In a filing with the Securities and Exchange Commission late last week, Scribe noted its plans to go public on the Nasdaq stock exchange under the ticker symbol “SCTX.” Scribe CEO Benjamin Oakes, a former researcher under Nobel laureate and company co-founder Jennifer Doudna, previously described CRISPR gene editing as a “more elegant” approach to genetic medicines.
“Large pharma is recognizing that this has the potential to be the future of medicine,” Oakes told BioPharma Dive in a 2023 interview.
Scribe’s lead candidate, a treatment for high cholesterol dubbed “STX-1150,” entered the clinic last month. The company’s hypothesis is that its epigenetic silencing technology, which offers a way to switch off certain genes without permanently altering DNA, could be more effective than existing hypercholesterolemia medicines such as statins and PCSK9 inhibitors.
STX-1150 similarly goes after PCSK9, a protein that regulates the levels of low-density lipoprotein — or LDL — cholesterol. But it’s administered as a single dose, rather than as daily pills or as quarterly injections like the drugs Repatha and Praluent.

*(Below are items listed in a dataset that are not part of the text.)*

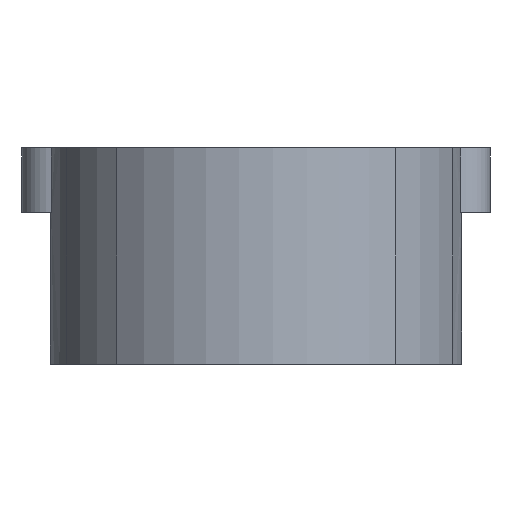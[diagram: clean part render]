
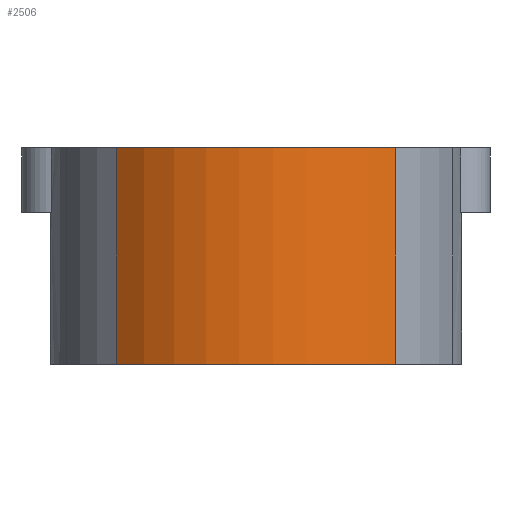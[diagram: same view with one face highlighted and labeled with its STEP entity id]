
A CAD part, left-side view. The second image highlights one B-rep face of the part: STEP entity #2506.
In plain terms, the highlighted cylindrical face has radius 31.9 mm (diameter 63.8 mm), a partial arc.
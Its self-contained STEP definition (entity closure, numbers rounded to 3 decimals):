
#104 = PLANE('',#105);
#105 = AXIS2_PLACEMENT_3D('',#106,#107,#108);
#106 = CARTESIAN_POINT('',(52.832,57.019,36.889));
#107 = DIRECTION('',(0.,0.,1.));
#108 = DIRECTION('',(0.,-1.,0.));
#804 = VERTEX_POINT('',#805);
#805 = CARTESIAN_POINT('',(-24.584,40.,36.889));
#820 = CYLINDRICAL_SURFACE('',#821,31.9);
#821 = AXIS2_PLACEMENT_3D('',#822,#823,#824);
#822 = CARTESIAN_POINT('',(-0.988,18.534,36.957));
#823 = DIRECTION('',(0.,0.,1.));
#824 = DIRECTION('',(1.,0.,0.));
#832 = EDGE_CURVE('',#804,#833,#835,.T.);
#833 = VERTEX_POINT('',#834);
#834 = CARTESIAN_POINT('',(-24.523,-3.,36.889));
#835 = SURFACE_CURVE('',#836,(#841,#848),.PCURVE_S1.);
#836 = CIRCLE('',#837,31.9);
#837 = AXIS2_PLACEMENT_3D('',#838,#839,#840);
#838 = CARTESIAN_POINT('',(-0.988,18.534,36.889));
#839 = DIRECTION('',(0.,0.,1.));
#840 = DIRECTION('',(1.,0.,0.));
#841 = PCURVE('',#104,#842);
#842 = DEFINITIONAL_REPRESENTATION('',(#843),#847);
#843 = CIRCLE('',#844,31.9);
#844 = AXIS2_PLACEMENT_2D('',#845,#846);
#845 = CARTESIAN_POINT('',(38.485,-53.82));
#846 = DIRECTION('',(0.,1.));
#847 = ( GEOMETRIC_REPRESENTATION_CONTEXT(2) 
PARAMETRIC_REPRESENTATION_CONTEXT() REPRESENTATION_CONTEXT('2D SPACE',''
  ) );
#848 = PCURVE('',#849,#854);
#849 = CYLINDRICAL_SURFACE('',#850,31.9);
#850 = AXIS2_PLACEMENT_3D('',#851,#852,#853);
#851 = CARTESIAN_POINT('',(-0.988,18.534,36.957));
#852 = DIRECTION('',(0.,0.,1.));
#853 = DIRECTION('',(1.,0.,0.));
#854 = DEFINITIONAL_REPRESENTATION('',(#855),#859);
#855 = LINE('',#856,#857);
#856 = CARTESIAN_POINT('',(0.,-0.068));
#857 = VECTOR('',#858,1.);
#858 = DIRECTION('',(1.,0.));
#859 = ( GEOMETRIC_REPRESENTATION_CONTEXT(2) 
PARAMETRIC_REPRESENTATION_CONTEXT() REPRESENTATION_CONTEXT('2D SPACE',''
  ) );
#882 = CYLINDRICAL_SURFACE('',#883,31.9);
#883 = AXIS2_PLACEMENT_3D('',#884,#885,#886);
#884 = CARTESIAN_POINT('',(-0.988,18.534,3.611));
#885 = DIRECTION('',(0.,0.,-1.));
#886 = DIRECTION('',(1.,0.,0.));
#2458 = VERTEX_POINT('',#2459);
#2459 = CARTESIAN_POINT('',(-24.523,-3.,3.611));
#2485 = EDGE_CURVE('',#833,#2458,#2486,.T.);
#2486 = SURFACE_CURVE('',#2487,(#2491,#2497),.PCURVE_S1.);
#2487 = LINE('',#2488,#2489);
#2488 = CARTESIAN_POINT('',(-24.523,-3.,3.611));
#2489 = VECTOR('',#2490,1.);
#2490 = DIRECTION('',(0.,0.,-1.));
#2491 = PCURVE('',#882,#2492);
#2492 = DEFINITIONAL_REPRESENTATION('',(#2493),#2496);
#2493 = B_SPLINE_CURVE_WITH_KNOTS('',1,(#2494,#2495),.UNSPECIFIED.,.F.,
  .F.,(2,2),(-33.34,0.),.PIECEWISE_BEZIER_KNOTS.);
#2494 = CARTESIAN_POINT('',(-3.883,-33.34));
#2495 = CARTESIAN_POINT('',(-3.883,0.));
#2496 = ( GEOMETRIC_REPRESENTATION_CONTEXT(2) 
PARAMETRIC_REPRESENTATION_CONTEXT() REPRESENTATION_CONTEXT('2D SPACE',''
  ) );
#2497 = PCURVE('',#849,#2498);
#2498 = DEFINITIONAL_REPRESENTATION('',(#2499),#2503);
#2499 = LINE('',#2500,#2501);
#2500 = CARTESIAN_POINT('',(3.883,-33.346));
#2501 = VECTOR('',#2502,1.);
#2502 = DIRECTION('',(0.,-1.));
#2503 = ( GEOMETRIC_REPRESENTATION_CONTEXT(2) 
PARAMETRIC_REPRESENTATION_CONTEXT() REPRESENTATION_CONTEXT('2D SPACE',''
  ) );
#2506 = ADVANCED_FACE('',(#2507),#849,.T.);
#2507 = FACE_BOUND('',#2508,.T.);
#2508 = EDGE_LOOP('',(#2509,#2510,#2533,#2564));
#2509 = ORIENTED_EDGE('',*,*,#832,.F.);
#2510 = ORIENTED_EDGE('',*,*,#2511,.T.);
#2511 = EDGE_CURVE('',#804,#2512,#2514,.T.);
#2512 = VERTEX_POINT('',#2513);
#2513 = CARTESIAN_POINT('',(-24.584,40.,3.611));
#2514 = SURFACE_CURVE('',#2515,(#2519,#2526),.PCURVE_S1.);
#2515 = LINE('',#2516,#2517);
#2516 = CARTESIAN_POINT('',(-24.584,40.,3.611));
#2517 = VECTOR('',#2518,1.);
#2518 = DIRECTION('',(0.,0.,-1.));
#2519 = PCURVE('',#849,#2520);
#2520 = DEFINITIONAL_REPRESENTATION('',(#2521),#2525);
#2521 = LINE('',#2522,#2523);
#2522 = CARTESIAN_POINT('',(2.403,-33.346));
#2523 = VECTOR('',#2524,1.);
#2524 = DIRECTION('',(0.,-1.));
#2525 = ( GEOMETRIC_REPRESENTATION_CONTEXT(2) 
PARAMETRIC_REPRESENTATION_CONTEXT() REPRESENTATION_CONTEXT('2D SPACE',''
  ) );
#2526 = PCURVE('',#820,#2527);
#2527 = DEFINITIONAL_REPRESENTATION('',(#2528),#2532);
#2528 = LINE('',#2529,#2530);
#2529 = CARTESIAN_POINT('',(2.403,-33.346));
#2530 = VECTOR('',#2531,1.);
#2531 = DIRECTION('',(0.,-1.));
#2532 = ( GEOMETRIC_REPRESENTATION_CONTEXT(2) 
PARAMETRIC_REPRESENTATION_CONTEXT() REPRESENTATION_CONTEXT('2D SPACE',''
  ) );
#2533 = ORIENTED_EDGE('',*,*,#2534,.T.);
#2534 = EDGE_CURVE('',#2512,#2458,#2535,.T.);
#2535 = SURFACE_CURVE('',#2536,(#2541,#2548),.PCURVE_S1.);
#2536 = CIRCLE('',#2537,31.9);
#2537 = AXIS2_PLACEMENT_3D('',#2538,#2539,#2540);
#2538 = CARTESIAN_POINT('',(-0.988,18.534,3.611));
#2539 = DIRECTION('',(0.,0.,1.));
#2540 = DIRECTION('',(1.,0.,0.));
#2541 = PCURVE('',#849,#2542);
#2542 = DEFINITIONAL_REPRESENTATION('',(#2543),#2547);
#2543 = LINE('',#2544,#2545);
#2544 = CARTESIAN_POINT('',(0.,-33.346));
#2545 = VECTOR('',#2546,1.);
#2546 = DIRECTION('',(1.,0.));
#2547 = ( GEOMETRIC_REPRESENTATION_CONTEXT(2) 
PARAMETRIC_REPRESENTATION_CONTEXT() REPRESENTATION_CONTEXT('2D SPACE',''
  ) );
#2548 = PCURVE('',#2549,#2554);
#2549 = PLANE('',#2550);
#2550 = AXIS2_PLACEMENT_3D('',#2551,#2552,#2553);
#2551 = CARTESIAN_POINT('',(-41.749,-3.,3.611));
#2552 = DIRECTION('',(0.,0.,-1.));
#2553 = DIRECTION('',(1.,0.,0.));
#2554 = DEFINITIONAL_REPRESENTATION('',(#2555),#2563);
#2555 = ( BOUNDED_CURVE() B_SPLINE_CURVE(2,(#2556,#2557,#2558,#2559,
#2560,#2561,#2562),.UNSPECIFIED.,.F.,.F.) B_SPLINE_CURVE_WITH_KNOTS((1,2
    ,2,2,2,1),(-2.094,0.,2.094,4.189,
6.283,8.378),.UNSPECIFIED.) CURVE() 
GEOMETRIC_REPRESENTATION_ITEM() RATIONAL_B_SPLINE_CURVE((1.,0.5,1.,0.5,
1.,0.5,1.)) REPRESENTATION_ITEM('') );
#2556 = CARTESIAN_POINT('',(72.661,-21.534));
#2557 = CARTESIAN_POINT('',(72.661,-76.786));
#2558 = CARTESIAN_POINT('',(24.811,-49.16));
#2559 = CARTESIAN_POINT('',(-23.039,-21.534));
#2560 = CARTESIAN_POINT('',(24.811,6.093));
#2561 = CARTESIAN_POINT('',(72.661,33.719));
#2562 = CARTESIAN_POINT('',(72.661,-21.534));
#2563 = ( GEOMETRIC_REPRESENTATION_CONTEXT(2) 
PARAMETRIC_REPRESENTATION_CONTEXT() REPRESENTATION_CONTEXT('2D SPACE',''
  ) );
#2564 = ORIENTED_EDGE('',*,*,#2485,.F.);

Scribe’s venture backers include Andreessen Horowitz, Avoro Ventures and OrbiMed, among others. To date, the California biotech has banked $120 million. It also announced last month it receive more than $25 million in grant funding from the California Institute for Regenerative Medicine, to advance a treatment for atherosclerotic cardiovascular disease and a second drug for acute pancreatitis in triglyceride-driven diseases.
Since its launch, Scribe has paired up with Biogen, Sanofi and Eli Lilly’s subsidiary Prevail Medicines to find new gene editing treatments. The Biogen collaboration to find a treatment for amyotrophic lateral sclerosis, or ALS, was announced not long after Scribe launched in 2020, and has been expanded since to a second, unnamed gene therapy target.
Its second research and development deal, with Sanofi, handed Scribe $25 million up front to gain access to its gene editing platform to find new cancer treatments based on so-called natural killer cells. Sanofi expanded its partnership further in 2023, paying an additional $40 million initially in hopes of developing in vivo gene therapies.
The partnership with Lilly, designed to find potential gene editing treatments for neurological conditions, has so far hit two milestone achievements, making Scribe eligible for two unspecified payments in an agreement worth up to $1.5 billion.
If successful, Scribe would be the 14th venture-backed biotech company to price an IPO in 2026, a year that has already begotten two of the largest offerings ever. It would follow fellow cardiometabolic drugmaker Kardigan, which in June raised $400 million.
Still, cell and gene therapy companies have had a rough go with IPO listings since the biotech sector's peak in 2021. The last time a gene editing company priced an offering was in 2024, when fellow San Francisco Bay Area biotech Metagenomi raised nearly $94 million in its IPO.